Hasta el 83 en que, aprovechando los primeros dineros procedentes de La Mode, me hice con los trabajos que me faltaban de la saga Ferry, no pude encararme tranquilamente con este disco (el cual ya había visto y escuchado de pasada en otras casas -de Nacho Canut, de Antonio Zancajo...-). Alguna que otra lengua trífida se pitorreó de la foto de portada aduciendo que recordaba un anuncio de peluquería.

Hombre, sí, algo de eso hay, ¿para qué negarlo? Pero esta proyección iconográfica de Bryan Ferry como objeto fashion es perfectamente natural (valga la paradoja) en quien fue discípulo del más importante nombre (Richard Hamilton) del pop/art británico y enlaza en mi imaginario con esa sutil ambigüedad de la virilidad glamourosa (que, si me atrae, es precisamente por ese punto yin -básicamente expresado en la nostalgia de lo que quizás no fue y en una lenta aceptación de la propia decadencia- que salpimenta una masculinidad madura pero no cerrada en sí misma y cuyo opuesto conceptual sería la femme fatale con su punto yan -básicamente expresado en la expectativa y en una mal disimulada ambición-). Aparte de Ferry, asocio esto de la virilidad glamourosa con algún otro nombre del mundo musical (John Cale, Georg Kajanus, Bill Nelson, Bowie -a partir de «Station to station»-, los Kraftwerk -en sus títulos más poéticos, como «Hall of mirrors», «Showroom dummies» o «The model»-), cinematográfico (Burt Lancaster -desde «El gatopardo» y destacando sus dos roles más ferryanos, en «Confidencias» y «Atlantic City»-, Christopher Plummer, Michel Piccoli -¿es de recibo que tanto Piccoli, en «Tamaño natural», como Ferry, en «In every dream home a heartache», se hayan enfrentado con ese símbolo clave de la virilidad glamourosa en su faceta más patética que es la muñeca hinchable?-, Ugo Tognazzi y Marcello Mastroianni -en determinadas ocasiones-, Jeremy Irons...) y literario (Eugenio D'Ors -especialmente en «Sijé» y «Oceanografía del tedio»-, César González Ruano...).
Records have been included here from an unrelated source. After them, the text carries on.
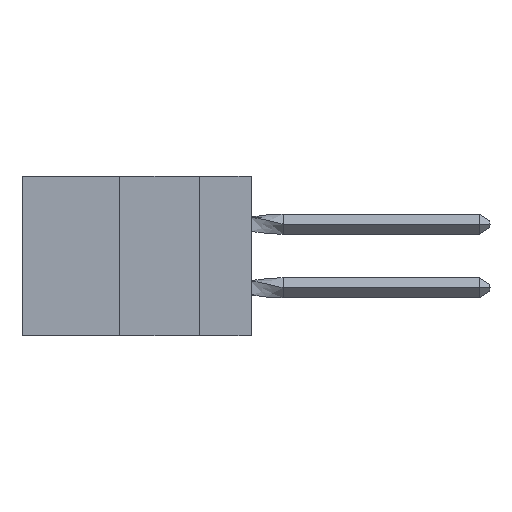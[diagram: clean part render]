
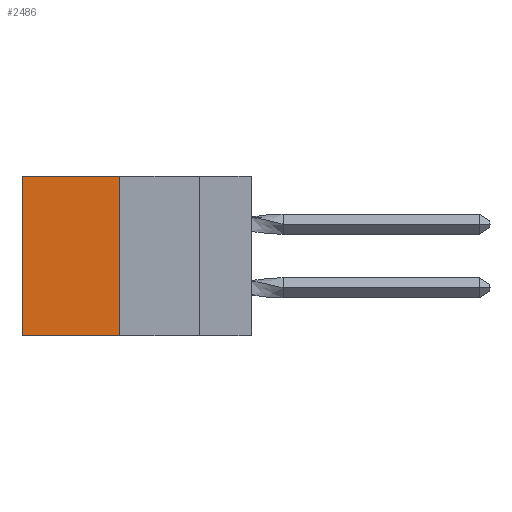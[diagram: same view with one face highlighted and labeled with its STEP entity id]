
A CAD part, left-side view. The second image highlights one B-rep face of the part: STEP entity #2486.
In plain terms, the highlighted planar face has unit normal (-1, 0, 0).
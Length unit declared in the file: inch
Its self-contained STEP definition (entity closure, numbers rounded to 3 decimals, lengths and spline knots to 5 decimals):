
#429 = LINE ( 'NONE', #14163, #9256 ) ;
#598 = DIRECTION ( 'NONE',  ( 0., 0., -1. ) ) ;
#746 = ORIENTED_EDGE ( 'NONE', *, *, #4108, .F. ) ;
#756 = EDGE_CURVE ( 'NONE', #1989, #4097, #17853, .T. ) ;
#1416 = DIRECTION ( 'NONE',  ( 0., 0., -1. ) ) ;
#1487 = PLANE ( 'NONE',  #18151 ) ;
#1989 = VERTEX_POINT ( 'NONE', #10812 ) ;
#2200 = FACE_OUTER_BOUND ( 'NONE', #18125, .T. ) ;
#2486 = ADVANCED_FACE ( 'NONE', ( #2200 ), #1487, .F. ) ;
#3358 = DIRECTION ( 'NONE',  ( 0., 1., 0. ) ) ;
#3598 = CARTESIAN_POINT ( 'NONE',  ( 0.305, 0.72, -0.5 ) ) ;
#3675 = VERTEX_POINT ( 'NONE', #11292 ) ;
#4078 = CARTESIAN_POINT ( 'NONE',  ( 0.305, 0.413, 0. ) ) ;
#4097 = VERTEX_POINT ( 'NONE', #13686 ) ;
#4108 = EDGE_CURVE ( 'NONE', #7511, #4097, #11448, .T. ) ;
#5016 = ORIENTED_EDGE ( 'NONE', *, *, #17165, .F. ) ;
#5124 = DIRECTION ( 'NONE',  ( 0., 0., -1. ) ) ;
#7511 = VERTEX_POINT ( 'NONE', #18015 ) ;
#9074 = DIRECTION ( 'NONE',  ( 1., 0., 0. ) ) ;
#9250 = CARTESIAN_POINT ( 'NONE',  ( 0.305, 0.413, -0.5 ) ) ;
#9256 = VECTOR ( 'NONE', #598, 39.37008 ) ;
#9391 = EDGE_CURVE ( 'NONE', #3675, #1989, #19242, .T. ) ;
#10812 = CARTESIAN_POINT ( 'NONE',  ( 0.305, 0.72, 0. ) ) ;
#10963 = ORIENTED_EDGE ( 'NONE', *, *, #9391, .T. ) ;
#11292 = CARTESIAN_POINT ( 'NONE',  ( 0.305, 0.413, 0. ) ) ;
#11448 = LINE ( 'NONE', #9250, #13536 ) ;
#12019 = CARTESIAN_POINT ( 'NONE',  ( 0.305, 0.413, -0.5 ) ) ;
#13536 = VECTOR ( 'NONE', #3358, 39.37008 ) ;
#13686 = CARTESIAN_POINT ( 'NONE',  ( 0.305, 0.72, -0.5 ) ) ;
#14163 = CARTESIAN_POINT ( 'NONE',  ( 0.305, 0.413, -0.5 ) ) ;
#15536 = ORIENTED_EDGE ( 'NONE', *, *, #756, .T. ) ;
#15823 = DIRECTION ( 'NONE',  ( 0., 1., 0. ) ) ;
#15985 = VECTOR ( 'NONE', #5124, 39.37008 ) ;
#17165 = EDGE_CURVE ( 'NONE', #3675, #7511, #429, .T. ) ;
#17853 = LINE ( 'NONE', #3598, #15985 ) ;
#18015 = CARTESIAN_POINT ( 'NONE',  ( 0.305, 0.413, -0.5 ) ) ;
#18125 = EDGE_LOOP ( 'NONE', ( #15536, #746, #5016, #10963 ) ) ;
#18151 = AXIS2_PLACEMENT_3D ( 'NONE', #12019, #9074, #1416 ) ;
#19005 = VECTOR ( 'NONE', #15823, 39.37008 ) ;
#19242 = LINE ( 'NONE', #4078, #19005 ) ;
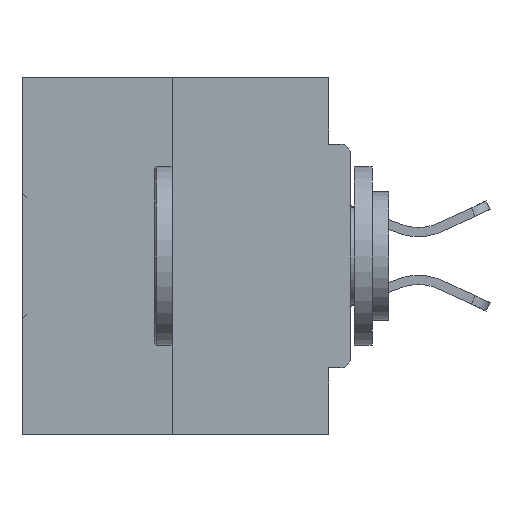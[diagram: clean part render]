
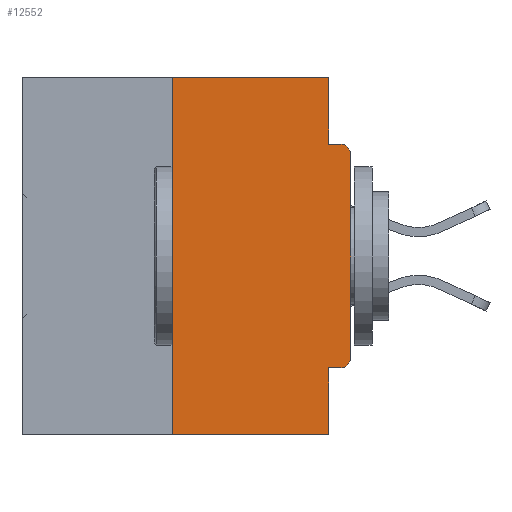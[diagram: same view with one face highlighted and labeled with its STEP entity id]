
A CAD part, left-side view. The second image highlights one B-rep face of the part: STEP entity #12552.
In plain terms, the highlighted planar face has unit normal (-1, 0, 0).
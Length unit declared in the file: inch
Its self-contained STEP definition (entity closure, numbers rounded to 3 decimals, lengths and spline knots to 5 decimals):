
#109 = CARTESIAN_POINT ( 'NONE',  ( 0., 0., -0.4065 ) ) ;
#535 = AXIS2_PLACEMENT_3D ( 'NONE', #4599, #33127, #8200 ) ;
#676 = DIRECTION ( 'NONE',  ( 0., -1., 0. ) ) ;
#2460 = EDGE_CURVE ( 'NONE', #21637, #19778, #24589, .T. ) ;
#3041 = EDGE_CURVE ( 'NONE', #21153, #19873, #12113, .T. ) ;
#3349 = DIRECTION ( 'NONE',  ( 0., -1., 0. ) ) ;
#4279 = EDGE_CURVE ( 'NONE', #5868, #19778, #36850, .T. ) ;
#4599 = CARTESIAN_POINT ( 'NONE',  ( 0., 0.015, -0.1085 ) ) ;
#4613 = LINE ( 'NONE', #41948, #32246 ) ;
#5071 = AXIS2_PLACEMENT_3D ( 'NONE', #14702, #26019, #18471 ) ;
#5868 = VERTEX_POINT ( 'NONE', #16210 ) ;
#6211 = LINE ( 'NONE', #109, #42369 ) ;
#6575 = DIRECTION ( 'NONE',  ( 0., 0., 1. ) ) ;
#6799 = CARTESIAN_POINT ( 'NONE',  ( 0., 0.46, 0. ) ) ;
#6835 = DIRECTION ( 'NONE',  ( 0., 0., -1. ) ) ;
#7744 = ORIENTED_EDGE ( 'NONE', *, *, #25269, .T. ) ;
#7847 = ORIENTED_EDGE ( 'NONE', *, *, #11830, .F. ) ;
#8200 = DIRECTION ( 'NONE',  ( 0., 0., -1. ) ) ;
#9658 = CARTESIAN_POINT ( 'NONE',  ( 0., 0.031, -0.5 ) ) ;
#10414 = DIRECTION ( 'NONE',  ( 0., -1., 0. ) ) ;
#10456 = EDGE_CURVE ( 'NONE', #21153, #44090, #6211, .T. ) ;
#10803 = DIRECTION ( 'NONE',  ( 0., 1., 0. ) ) ;
#11450 = VERTEX_POINT ( 'NONE', #19037 ) ;
#11725 = EDGE_CURVE ( 'NONE', #26788, #11450, #46583, .T. ) ;
#11830 = EDGE_CURVE ( 'NONE', #44090, #44378, #14920, .T. ) ;
#12113 = CIRCLE ( 'NONE', #37752, 0.015 ) ;
#12552 = ADVANCED_FACE ( 'NONE', ( #39116 ), #29178, .F. ) ;
#14234 = CARTESIAN_POINT ( 'NONE',  ( 0., 0.46, -0.5 ) ) ;
#14702 = CARTESIAN_POINT ( 'NONE',  ( 0., 0.46, 0. ) ) ;
#14920 = LINE ( 'NONE', #43304, #17180 ) ;
#15511 = VECTOR ( 'NONE', #46012, 39.37008 ) ;
#15995 = ORIENTED_EDGE ( 'NONE', *, *, #19020, .T. ) ;
#16210 = CARTESIAN_POINT ( 'NONE',  ( 0., 0.031, -0.0935 ) ) ;
#17180 = VECTOR ( 'NONE', #6835, 39.37008 ) ;
#18471 = DIRECTION ( 'NONE',  ( 0., 0., -1. ) ) ;
#19014 = EDGE_CURVE ( 'NONE', #11450, #25565, #20428, .T. ) ;
#19020 = EDGE_CURVE ( 'NONE', #26788, #44378, #32792, .T. ) ;
#19037 = CARTESIAN_POINT ( 'NONE',  ( 0., 0.25, 0. ) ) ;
#19778 = VERTEX_POINT ( 'NONE', #44792 ) ;
#19820 = ORIENTED_EDGE ( 'NONE', *, *, #44679, .F. ) ;
#19873 = VERTEX_POINT ( 'NONE', #44483 ) ;
#20428 = LINE ( 'NONE', #6799, #29413 ) ;
#20934 = CARTESIAN_POINT ( 'NONE',  ( 0., 0.25, -0.5 ) ) ;
#21016 = ORIENTED_EDGE ( 'NONE', *, *, #4279, .F. ) ;
#21153 = VERTEX_POINT ( 'NONE', #21387 ) ;
#21387 = CARTESIAN_POINT ( 'NONE',  ( 0., 0.015, -0.4065 ) ) ;
#21637 = VERTEX_POINT ( 'NONE', #27168 ) ;
#24589 = CIRCLE ( 'NONE', #535, 0.015 ) ;
#25269 = EDGE_CURVE ( 'NONE', #19873, #21637, #45170, .T. ) ;
#25525 = EDGE_LOOP ( 'NONE', ( #37622, #45092, #15995, #7847, #36877, #29585, #7744, #44133, #21016, #19820 ) ) ;
#25565 = VERTEX_POINT ( 'NONE', #40507 ) ;
#26019 = DIRECTION ( 'NONE',  ( 1., 0., 0. ) ) ;
#26240 = CARTESIAN_POINT ( 'NONE',  ( 0., 0.031, -0.4065 ) ) ;
#26788 = VERTEX_POINT ( 'NONE', #20934 ) ;
#27168 = CARTESIAN_POINT ( 'NONE',  ( 0., 0., -0.1085 ) ) ;
#27537 = CARTESIAN_POINT ( 'NONE',  ( 0., 0.015, -0.3915 ) ) ;
#29178 = PLANE ( 'NONE',  #5071 ) ;
#29413 = VECTOR ( 'NONE', #10414, 39.37008 ) ;
#29585 = ORIENTED_EDGE ( 'NONE', *, *, #3041, .T. ) ;
#32246 = VECTOR ( 'NONE', #42268, 39.37008 ) ;
#32708 = VECTOR ( 'NONE', #6575, 39.37008 ) ;
#32792 = LINE ( 'NONE', #14234, #38472 ) ;
#33127 = DIRECTION ( 'NONE',  ( -1., 0., 0. ) ) ;
#35279 = CARTESIAN_POINT ( 'NONE',  ( 0., 0., 0. ) ) ;
#36850 = LINE ( 'NONE', #40260, #39134 ) ;
#36877 = ORIENTED_EDGE ( 'NONE', *, *, #10456, .F. ) ;
#37622 = ORIENTED_EDGE ( 'NONE', *, *, #19014, .F. ) ;
#37752 = AXIS2_PLACEMENT_3D ( 'NONE', #27537, #38116, #41614 ) ;
#38116 = DIRECTION ( 'NONE',  ( -1., 0., 0. ) ) ;
#38472 = VECTOR ( 'NONE', #3349, 39.37008 ) ;
#39116 = FACE_OUTER_BOUND ( 'NONE', #25525, .T. ) ;
#39134 = VECTOR ( 'NONE', #676, 39.37008 ) ;
#40260 = CARTESIAN_POINT ( 'NONE',  ( 0., 0., -0.0935 ) ) ;
#40507 = CARTESIAN_POINT ( 'NONE',  ( 0., 0.031, 0. ) ) ;
#41614 = DIRECTION ( 'NONE',  ( 0., 0., -1. ) ) ;
#41948 = CARTESIAN_POINT ( 'NONE',  ( 0., 0.031, 0. ) ) ;
#42268 = DIRECTION ( 'NONE',  ( 0., 0., -1. ) ) ;
#42369 = VECTOR ( 'NONE', #10803, 39.37008 ) ;
#43304 = CARTESIAN_POINT ( 'NONE',  ( 0., 0.031, -0.5 ) ) ;
#44090 = VERTEX_POINT ( 'NONE', #26240 ) ;
#44133 = ORIENTED_EDGE ( 'NONE', *, *, #2460, .T. ) ;
#44378 = VERTEX_POINT ( 'NONE', #9658 ) ;
#44483 = CARTESIAN_POINT ( 'NONE',  ( 0., 0., -0.3915 ) ) ;
#44679 = EDGE_CURVE ( 'NONE', #25565, #5868, #4613, .T. ) ;
#44792 = CARTESIAN_POINT ( 'NONE',  ( 0., 0.015, -0.0935 ) ) ;
#45092 = ORIENTED_EDGE ( 'NONE', *, *, #11725, .F. ) ;
#45170 = LINE ( 'NONE', #35279, #32708 ) ;
#45854 = CARTESIAN_POINT ( 'NONE',  ( 0., 0.25, 0. ) ) ;
#46012 = DIRECTION ( 'NONE',  ( 0., 0., 1. ) ) ;
#46583 = LINE ( 'NONE', #45854, #15511 ) ;

Asumiendo que ni por físico ni por temperamento podría encajar plenamente en el troquel de Bryan Ferry, mis homenajes públicos (todos realizados con La Mode: «Aquella canción de Roxy», «El único juego en la ciudad», «Panorama», «En cualquier fiesta»...) los desarrollé (en cuanto a interpretación vocal y gestual -en algún caso, como «Aquella canción de Roxy», también en cuanto a la letra-) como un ejercicio de estilo sin las pretensiones miméticas con que hubiese deseado abordar en mi adolescencia el personaje de Bolan ni con la certeza de identificación con que asumiría a Steve Harley.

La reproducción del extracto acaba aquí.